ACTIVITY
Omit any picture, and return the remaining data exactly as written.
[[ RECORDS SHOWN, beginning ]]
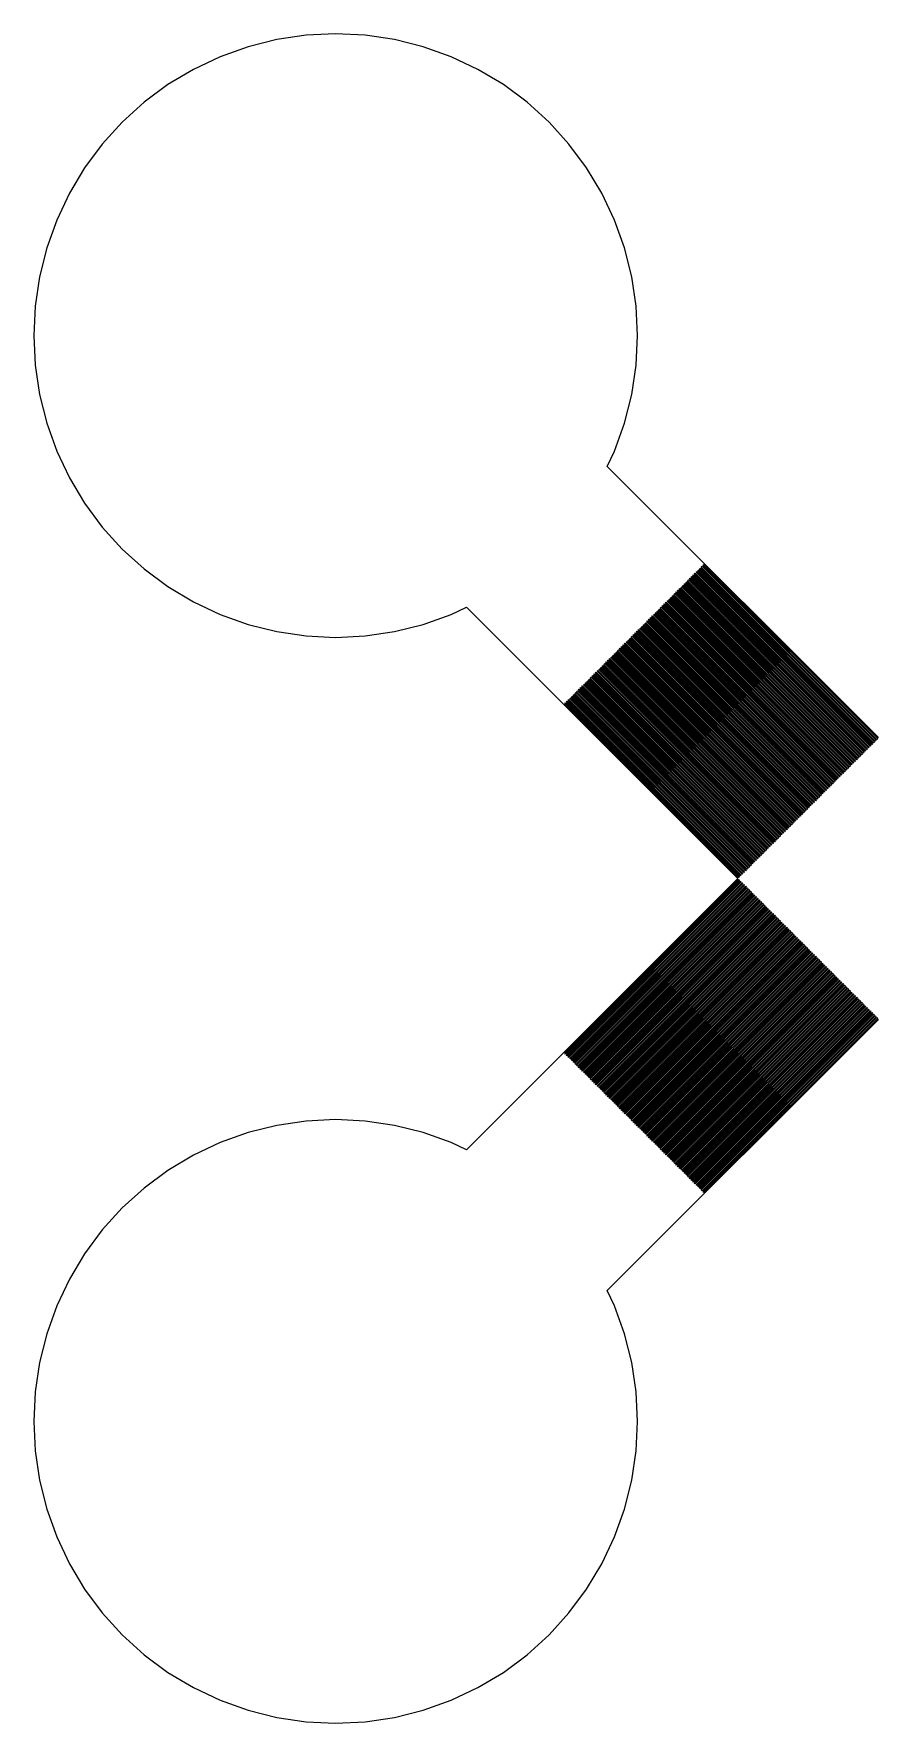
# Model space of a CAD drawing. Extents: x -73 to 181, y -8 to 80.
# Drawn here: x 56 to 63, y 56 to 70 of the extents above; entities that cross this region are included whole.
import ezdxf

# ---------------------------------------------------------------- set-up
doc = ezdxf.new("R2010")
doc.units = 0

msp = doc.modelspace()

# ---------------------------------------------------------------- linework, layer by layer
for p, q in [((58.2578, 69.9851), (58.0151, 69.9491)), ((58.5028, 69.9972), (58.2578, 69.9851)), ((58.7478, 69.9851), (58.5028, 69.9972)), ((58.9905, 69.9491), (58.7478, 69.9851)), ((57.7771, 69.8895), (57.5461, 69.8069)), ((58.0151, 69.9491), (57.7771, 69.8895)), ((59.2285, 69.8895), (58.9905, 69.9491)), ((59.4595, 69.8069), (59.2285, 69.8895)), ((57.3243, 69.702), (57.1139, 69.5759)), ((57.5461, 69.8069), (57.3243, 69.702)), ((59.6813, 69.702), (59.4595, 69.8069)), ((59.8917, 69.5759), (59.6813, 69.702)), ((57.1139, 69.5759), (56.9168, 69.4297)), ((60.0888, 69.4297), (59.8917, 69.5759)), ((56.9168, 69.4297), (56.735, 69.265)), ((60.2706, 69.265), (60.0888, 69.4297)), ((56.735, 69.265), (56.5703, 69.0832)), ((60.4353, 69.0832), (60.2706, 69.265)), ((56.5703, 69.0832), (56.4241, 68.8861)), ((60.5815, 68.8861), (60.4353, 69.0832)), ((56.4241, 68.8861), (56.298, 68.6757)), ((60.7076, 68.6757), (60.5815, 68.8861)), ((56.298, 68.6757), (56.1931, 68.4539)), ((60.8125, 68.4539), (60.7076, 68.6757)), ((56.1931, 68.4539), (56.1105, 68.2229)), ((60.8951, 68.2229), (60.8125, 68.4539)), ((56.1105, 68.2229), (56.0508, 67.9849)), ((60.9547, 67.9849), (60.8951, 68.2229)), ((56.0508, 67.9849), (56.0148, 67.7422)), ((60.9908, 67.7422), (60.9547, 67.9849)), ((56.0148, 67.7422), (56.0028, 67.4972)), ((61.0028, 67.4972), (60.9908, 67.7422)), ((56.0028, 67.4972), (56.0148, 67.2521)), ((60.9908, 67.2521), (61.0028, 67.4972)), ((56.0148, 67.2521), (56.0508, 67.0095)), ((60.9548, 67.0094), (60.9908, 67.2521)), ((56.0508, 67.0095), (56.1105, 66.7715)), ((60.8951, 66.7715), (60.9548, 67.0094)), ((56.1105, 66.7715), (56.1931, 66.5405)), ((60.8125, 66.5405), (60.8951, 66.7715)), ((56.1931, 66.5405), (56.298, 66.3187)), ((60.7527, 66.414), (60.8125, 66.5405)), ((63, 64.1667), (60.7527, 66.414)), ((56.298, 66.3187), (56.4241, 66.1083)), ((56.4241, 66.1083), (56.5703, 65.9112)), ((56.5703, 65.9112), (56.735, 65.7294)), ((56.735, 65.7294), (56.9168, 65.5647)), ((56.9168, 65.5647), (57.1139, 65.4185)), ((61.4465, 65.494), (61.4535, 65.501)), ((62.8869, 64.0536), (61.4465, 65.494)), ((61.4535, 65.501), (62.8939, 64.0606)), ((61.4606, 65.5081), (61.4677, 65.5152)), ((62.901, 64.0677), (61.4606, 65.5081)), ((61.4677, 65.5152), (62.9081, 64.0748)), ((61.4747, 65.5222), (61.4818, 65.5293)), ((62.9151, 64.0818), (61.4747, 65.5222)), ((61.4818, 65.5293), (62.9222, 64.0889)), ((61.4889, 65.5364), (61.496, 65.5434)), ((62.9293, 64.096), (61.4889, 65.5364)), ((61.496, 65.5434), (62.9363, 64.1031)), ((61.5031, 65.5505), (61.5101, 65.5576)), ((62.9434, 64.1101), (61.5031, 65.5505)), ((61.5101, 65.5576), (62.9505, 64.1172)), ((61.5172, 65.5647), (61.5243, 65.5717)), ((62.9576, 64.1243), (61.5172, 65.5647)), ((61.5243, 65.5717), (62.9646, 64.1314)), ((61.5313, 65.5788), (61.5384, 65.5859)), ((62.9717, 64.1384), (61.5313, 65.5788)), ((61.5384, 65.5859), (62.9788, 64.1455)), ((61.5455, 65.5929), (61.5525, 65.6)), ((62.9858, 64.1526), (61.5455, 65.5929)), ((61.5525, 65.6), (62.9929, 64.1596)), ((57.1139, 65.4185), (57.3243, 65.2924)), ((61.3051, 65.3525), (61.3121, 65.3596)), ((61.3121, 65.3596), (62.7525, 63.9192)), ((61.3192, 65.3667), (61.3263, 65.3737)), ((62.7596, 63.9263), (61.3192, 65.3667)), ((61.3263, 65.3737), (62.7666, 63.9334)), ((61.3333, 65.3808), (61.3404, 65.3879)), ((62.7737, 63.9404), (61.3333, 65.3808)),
[[ RECORDS SHOWN, end ]]
SOLUTION FOR THIS PROBLEM
# Model space of a CAD drawing. Extents: x -73 to 181, y -8 to 80.
# Drawn here: x 56 to 63, y 56 to 70 of the extents above; entities that cross this region are included whole.
import ezdxf

# ---------------------------------------------------------------- set-up
doc = ezdxf.new("R2010")
doc.units = 0

msp = doc.modelspace()

# ---------------------------------------------------------------- linework, layer by layer
for p, q in [((58.2578, 69.9851), (58.0151, 69.9491)), ((58.5028, 69.9972), (58.2578, 69.9851)), ((58.7478, 69.9851), (58.5028, 69.9972)), ((58.9905, 69.9491), (58.7478, 69.9851)), ((57.7771, 69.8895), (57.5461, 69.8069)), ((58.0151, 69.9491), (57.7771, 69.8895)), ((59.2285, 69.8895), (58.9905, 69.9491)), ((59.4595, 69.8069), (59.2285, 69.8895)), ((57.3243, 69.702), (57.1139, 69.5759)), ((57.5461, 69.8069), (57.3243, 69.702)), ((59.6813, 69.702), (59.4595, 69.8069)), ((59.8917, 69.5759), (59.6813, 69.702)), ((57.1139, 69.5759), (56.9168, 69.4297)), ((60.0888, 69.4297), (59.8917, 69.5759)), ((56.9168, 69.4297), (56.735, 69.265)), ((60.2706, 69.265), (60.0888, 69.4297)), ((56.735, 69.265), (56.5703, 69.0832)), ((60.4353, 69.0832), (60.2706, 69.265)), ((56.5703, 69.0832), (56.4241, 68.8861)), ((60.5815, 68.8861), (60.4353, 69.0832)), ((56.4241, 68.8861), (56.298, 68.6757)), ((60.7076, 68.6757), (60.5815, 68.8861)), ((56.298, 68.6757), (56.1931, 68.4539)), ((60.8125, 68.4539), (60.7076, 68.6757)), ((56.1931, 68.4539), (56.1105, 68.2229)), ((60.8951, 68.2229), (60.8125, 68.4539)), ((56.1105, 68.2229), (56.0508, 67.9849)), ((60.9547, 67.9849), (60.8951, 68.2229)), ((56.0508, 67.9849), (56.0148, 67.7422)), ((60.9908, 67.7422), (60.9547, 67.9849)), ((56.0148, 67.7422), (56.0028, 67.4972)), ((61.0028, 67.4972), (60.9908, 67.7422)), ((56.0028, 67.4972), (56.0148, 67.2521)), ((60.9908, 67.2521), (61.0028, 67.4972)), ((56.0148, 67.2521), (56.0508, 67.0095)), ((60.9548, 67.0094), (60.9908, 67.2521)), ((56.0508, 67.0095), (56.1105, 66.7715)), ((60.8951, 66.7715), (60.9548, 67.0094)), ((56.1105, 66.7715), (56.1931, 66.5405)), ((60.8125, 66.5405), (60.8951, 66.7715)), ((56.1931, 66.5405), (56.298, 66.3187)), ((60.7527, 66.414), (60.8125, 66.5405)), ((63, 64.1667), (60.7527, 66.414)), ((56.298, 66.3187), (56.4241, 66.1083)), ((56.4241, 66.1083), (56.5703, 65.9112)), ((56.5703, 65.9112), (56.735, 65.7294)), ((56.735, 65.7294), (56.9168, 65.5647)), ((56.9168, 65.5647), (57.1139, 65.4185)), ((61.4465, 65.494), (61.4535, 65.501)), ((62.8869, 64.0536), (61.4465, 65.494)), ((61.4535, 65.501), (62.8939, 64.0606)), ((61.4606, 65.5081), (61.4677, 65.5152)), ((62.901, 64.0677), (61.4606, 65.5081)), ((61.4677, 65.5152), (62.9081, 64.0748)), ((61.4747, 65.5222), (61.4818, 65.5293)), ((62.9151, 64.0818), (61.4747, 65.5222)), ((61.4818, 65.5293), (62.9222, 64.0889)), ((61.4889, 65.5364), (61.496, 65.5434)), ((62.9293, 64.096), (61.4889, 65.5364)), ((61.496, 65.5434), (62.9363, 64.1031)), ((61.5031, 65.5505), (61.5101, 65.5576)), ((62.9434, 64.1101), (61.5031, 65.5505)), ((61.5101, 65.5576), (62.9505, 64.1172)), ((61.5172, 65.5647), (61.5243, 65.5717)), ((62.9576, 64.1243), (61.5172, 65.5647)), ((61.5243, 65.5717), (62.9646, 64.1314)), ((61.5313, 65.5788), (61.5384, 65.5859)), ((62.9717, 64.1384), (61.5313, 65.5788)), ((61.5384, 65.5859), (62.9788, 64.1455)), ((61.5455, 65.5929), (61.5525, 65.6)), ((62.9858, 64.1526), (61.5455, 65.5929)), ((61.5525, 65.6), (62.9929, 64.1596)), ((57.1139, 65.4185), (57.3243, 65.2924)), ((61.3051, 65.3525), (61.3121, 65.3596)), ((61.3121, 65.3596), (62.7525, 63.9192)), ((61.3192, 65.3667), (61.3263, 65.3737)), ((62.7596, 63.9263), (61.3192, 65.3667)), ((61.3263, 65.3737), (62.7666, 63.9334)), ((61.3333, 65.3808), (61.3404, 65.3879)), ((62.7737, 63.9404), (61.3333, 65.3808)),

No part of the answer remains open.